## WORK REQUEST
Where a line of the records contains the word "SUBTRACT", show that line.

## Collected data
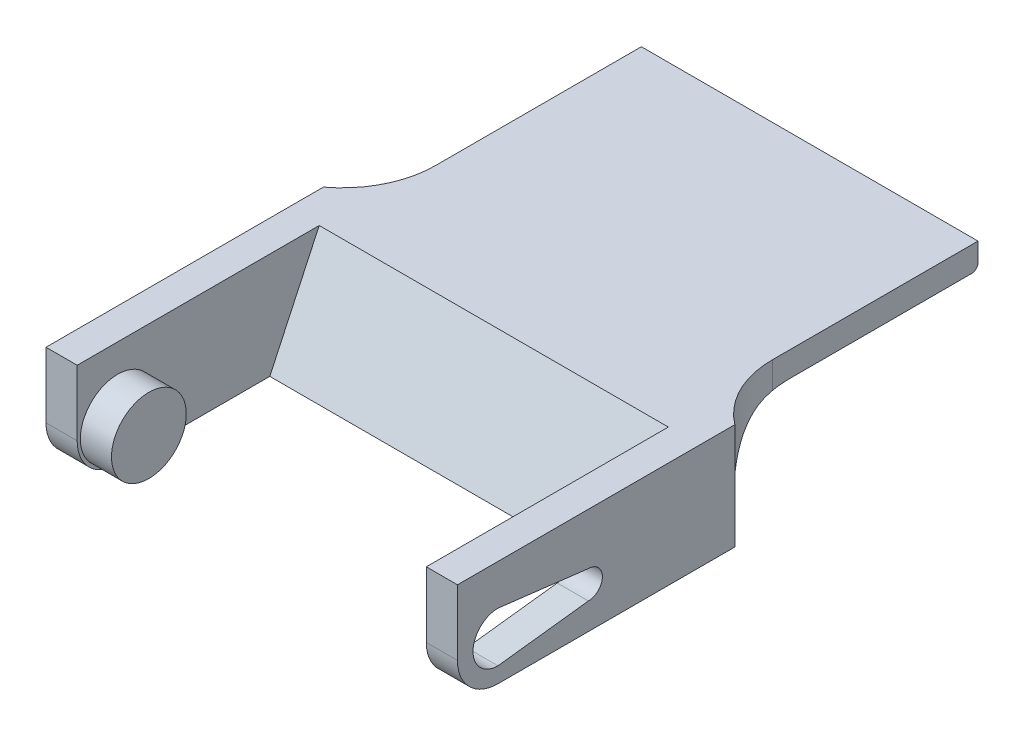
from build123d import *

# Parameters (mm, degrees)
SKETCH1_W                = 54
SKETCH1_H                = 60
BOSS_EXTRUDE1_DEPTH      = 4
BOSS_EXTRUDE2_DEPTH      = 6
BOSS_EXTRUDE2_DEPTH_BACK = 60
SKETCH2_W                = 10
SKETCH2_H                = 17
SKETCH3_W                = 28
SKETCH3_H                = 13
BOSS_EXTRUDE3_DEPTH      = 66
SKETCH9_W                = 56
SKETCH9_H                = 28
CUT_EXTRUDE3_DEPTH       = 13
SKETCH10_W               = 5
SKETCH10_H               = 28
BOSS_EXTRUDE6_DEPTH      = 4
SKETCH11_R               = 2.25
CUT_EXTRUDE5_DEPTH       = 91.138781887
SKETCH12_W               = 5
SKETCH12_H               = 17
BOSS_EXTRUDE7_DEPTH      = 4
CUT_EXTRUDE6_DEPTH       = 91.138781887
FILLET3_R                = 1
BOSS_EXTRUDE8_DEPTH      = 10
BOSS_EXTRUDE8_DEPTH_BACK = 5
SKETCH14_R               = 4
SKETCH15_W               = 17
SKETCH15_H               = 8
BOSS_EXTRUDE9_DEPTH      = 5
SKETCH16_R               = 6
BOSS_EXTRUDE11_DEPTH     = 12
SKETCH17_R               = 6
CUT_EXTRUDE7_DEPTH       = 5
CHAMFER1_SIZE            = 9.326153163
CHAMFER1_SIZE_2          = 20
SKETCH18_W               = 66
SKETCH18_H               = 5
BOSS_EXTRUDE14_DEPTH     = 17
FILLET8_R                = 15
FILLET9_R                = 15


with BuildPart() as part:
    # Sketch1 → Boss-Extrude1 (new body)
    with BuildSketch(Plane(origin=(0, 0, 0), x_dir=(1, 0, 0), z_dir=(0, 1, 0))):
        with Locations((27, 30)):
            Rectangle(SKETCH1_W, SKETCH1_H)
    extrude(amount=BOSS_EXTRUDE1_DEPTH)

    # Sketch2 → Boss-Extrude2 (add, two sides: drawn at the far end of the back side and taken through both)
    with BuildSketch(Plane(origin=(54, 0, 0), x_dir=(0, 0, -1), z_dir=(1, 0, 0)).offset(-BOSS_EXTRUDE2_DEPTH_BACK)):
        with Locations((5, -4.5)):
            Rectangle(SKETCH2_W, SKETCH2_H)
    extrude(amount=BOSS_EXTRUDE2_DEPTH + BOSS_EXTRUDE2_DEPTH_BACK)

    # Sketch3 → Boss-Extrude3 (add, through all)
    with BuildSketch(Plane(origin=(60, 0, 0), x_dir=(0, 0, -1), z_dir=(1, 0, 0))):
        with Locations((-14, -6.5)):
            Rectangle(SKETCH3_W, SKETCH3_H)
    extrude(amount=-BOSS_EXTRUDE3_DEPTH)

    # Sketch9 → Cut-Extrude3 (cut)
    with BuildSketch(Plane(origin=(0, 0, 0), x_dir=(1, 0, 0), z_dir=(0, 1, 0))):
        with Locations((27, -14)):
            Rectangle(SKETCH9_W, SKETCH9_H)
    extrude(amount=-CUT_EXTRUDE3_DEPTH, mode=Mode.SUBTRACT)

    # Sketch10 → Boss-Extrude6 (add)
    with BuildSketch(Plane(origin=(0, 0, 0), x_dir=(1, 0, 0), z_dir=(0, 1, 0))):
        with Locations((-3.5, -14)):
            Rectangle(SKETCH10_W, SKETCH10_H)
        with Locations((57.5, -14)):
            Rectangle(SKETCH10_W, SKETCH10_H)
    extrude(amount=BOSS_EXTRUDE6_DEPTH)

    # Sketch11 → Cut-Extrude5 (cut, through all)
    with BuildSketch(Plane(origin=(60, 0, 0), x_dir=(0, 0, -1), z_dir=(1, 0, 0))):
        with BuildLine():
            Line((-22.048344565, -2.614854966), (-23, -2.5))
            ThreePointArc((-23, -2.5), (-27, -6.5), (-23, -10.5))
            Line((-23, -10.5), (-22.048344565, -10.385145034))
            ThreePointArc((-22.048344565, -10.385145034), (-19.853047368, -8.96914745), (-19, -6.5))
            ThreePointArc((-19, -6.5), (-19.853047368, -4.03085255), (-22.048344565, -2.614854966))
        make_face()
        with BuildLine():
            Line((-8.5, -4.25), (-22.048344565, -2.614854966))
            ThreePointArc((-22.048344565, -2.614854966), (-19.853047368, -4.03085255), (-19, -6.5))
            ThreePointArc((-19, -6.5), (-19.853047368, -8.96914745), (-22.048344565, -10.385145034))
            Line((-22.048344565, -10.385145034), (-8.5, -8.75))
            ThreePointArc((-8.5, -8.75), (-10.75, -6.5), (-8.5, -4.25))
        make_face()
        with Locations((-8.5, -6.5)):
            Circle(SKETCH11_R)
    extrude(amount=-CUT_EXTRUDE5_DEPTH, mode=Mode.SUBTRACT)

    # Sketch12 → Boss-Extrude7 (add)
    with BuildSketch(Plane.XY.offset(28)):
        with Locations((57.5, -4.5)):
            Rectangle(SKETCH12_W, SKETCH12_H)
        with Locations((-3.5, -4.5)):
            Rectangle(SKETCH12_W, SKETCH12_H)
    extrude(amount=BOSS_EXTRUDE7_DEPTH)

    # Sketch13 → Cut-Extrude6 (cut, through all)
    with BuildSketch(Plane.ZY.offset(6)):
        with BuildLine():
            Line((29.5, -6.5), (29.5, 4))
            Line((29.5, 4), (32, 4))
            Line((32, 4), (32, -13))
            Line((32, -13), (23, -13))
            ThreePointArc((23, -13), (27.596194078, -11.096194078), (29.5, -6.5))
        make_face()
    extrude(amount=-CUT_EXTRUDE6_DEPTH, mode=Mode.SUBTRACT)

    # Fillet3
    fillet3_edges = [part.edges().sort_by_distance(p)[0] for p in [
        (27, 0, -60),
    ]]
    fillet(fillet3_edges, radius=FILLET3_R)

    # Sketch14 → Boss-Extrude8 (add, two sides: drawn at the far end of the back side and taken through both)
    with BuildSketch(Plane(origin=(-1, 0, 0), x_dir=(0, 0, -1), z_dir=(1, 0, 0)).offset(-BOSS_EXTRUDE8_DEPTH_BACK)):
        with Locations((-23, -6.5)):
            Circle(SKETCH14_R)
    extrude(amount=BOSS_EXTRUDE8_DEPTH + BOSS_EXTRUDE8_DEPTH_BACK)

    # Sketch15 → Boss-Extrude9 (add)
    with BuildSketch(Plane(origin=(-1, 0, 0), x_dir=(0, 0, -1), z_dir=(1, 0, 0))):
        with Locations((-14.5, -6.5)):
            Rectangle(SKETCH15_W, SKETCH15_H)
    extrude(amount=-BOSS_EXTRUDE9_DEPTH)

    # Sketch16 → Boss-Extrude11 (add)
    with BuildSketch(Plane(origin=(9, 0, 0), x_dir=(0, 0, -1), z_dir=(1, 0, 0))):
        with Locations((-23, -6.5)):
            Circle(SKETCH16_R)
    extrude(amount=-BOSS_EXTRUDE11_DEPTH)

    # Sketch17 → Cut-Extrude7 (cut)
    with BuildSketch(Plane(origin=(9, 0, 0), x_dir=(0, 0, -1), z_dir=(1, 0, 0))):
        with Locations((-23, -6.5)):
            Circle(SKETCH17_R)
    extrude(amount=-CUT_EXTRUDE7_DEPTH, mode=Mode.SUBTRACT)

    # Chamfer1
    # the kernel refuses this chamfer: 20, 9.326153163 mm, written as the material it takes off along each edge
    with BuildSketch(Plane(origin=(55, 4, 0), x_dir=(0, 0.07481330637059955, -0.9971975577536774), z_dir=(-1, 0, 0))) as chamfer1_piece_1:
        Polygon((CHAMFER1_SIZE * 0.997197557764, CHAMFER1_SIZE * 0.0748133063714), (-CHAMFER1_SIZE_2 * 0.0748133063706, CHAMFER1_SIZE_2 * 0.997197557754), (0, 0), align=None)
    extrude(amount=56, mode=Mode.SUBTRACT)

    # Sketch18 → Boss-Extrude14 (add)
    with BuildSketch(Plane(origin=(0, 4, 0), x_dir=(1, 0, 0), z_dir=(0, 1, 0))):
        with Locations((27, 12.5)):
            Rectangle(SKETCH18_W, SKETCH18_H)
    extrude(amount=-BOSS_EXTRUDE14_DEPTH)

    # Fillet8
    # the kernel refuses this fillet: 15 mm, written as the material it adds along each edge
    with BuildSketch(Plane(origin=(54, 0, -15), x_dir=(0, -1, 0), z_dir=(-1, 0, 0))) as fillet8_piece_1:
        with BuildLine():
            CenterArc((15, -14.866068747), FILLET8_R, 97.662255661, 82.337744339)
            Line((0, -14.866068747), (-0.3, -14.866068747))
            Line((-0.3, -14.866068747), (-0.3, 0))
            Line((-0.3, 0), (0, 0.3))
            ThreePointArc((0, 0.3), (6.5, 0.3), (12.96, 0.297321375))
            Line((12.96, 0.297321375), (13, 0))
        make_face()
    extrude(amount=54)

    # Fillet9
    # the kernel refuses this fillet: 15 mm, written as the material it adds along each edge
    with BuildSketch(Plane(origin=(54, 4, -15), x_dir=(1, 0, 0), z_dir=(0, -1, 0))) as fillet9_piece_1_section:
        with BuildLine():
            CenterArc((15, -12), FILLET9_R, 126.869897646, 53.130102354)
            Line((0, -12), (0, 0))
            Line((0, 0), (6, 0))
        make_face()
    fillet9_piece_1 = extrude(amount=17, mode=Mode.PRIVATE)
    fillet9_piece_1 = fillet9_piece_1 - Plane(origin=(58.238574597, -15, -29.866068747), x_dir=(0, -1, 0), z_dir=(1, 0, 0)) * Cylinder(15, 83, mode=Mode.PRIVATE)
    add(fillet9_piece_1)
    with BuildSketch(Plane(origin=(0, -13, -15), x_dir=(0, 0, -1), z_dir=(0, 1, 0))) as fillet9_piece_2_section:
        with BuildLine():
            CenterArc((12, 15), FILLET9_R, 216.869897646, 53.130102354)
            Line((0, 6), (0, 0))
            Line((0, 0), (12, 0))
        make_face()
    fillet9_piece_2 = extrude(amount=17, mode=Mode.PRIVATE)
    fillet9_piece_2 = fillet9_piece_2 - Plane(origin=(-0.149142202, -15, -29.866068747), x_dir=(0, -1, 0), z_dir=(1, 0, 0)) * Cylinder(15, 82, mode=Mode.PRIVATE)
    add(fillet9_piece_2)


solid = part.part

## ANSWER BELOW
    extrude(amount=-CUT_EXTRUDE3_DEPTH, mode=Mode.SUBTRACT)
    extrude(amount=-CUT_EXTRUDE5_DEPTH, mode=Mode.SUBTRACT)
    extrude(amount=-CUT_EXTRUDE6_DEPTH, mode=Mode.SUBTRACT)
    extrude(amount=-CUT_EXTRUDE7_DEPTH, mode=Mode.SUBTRACT)
    extrude(amount=56, mode=Mode.SUBTRACT)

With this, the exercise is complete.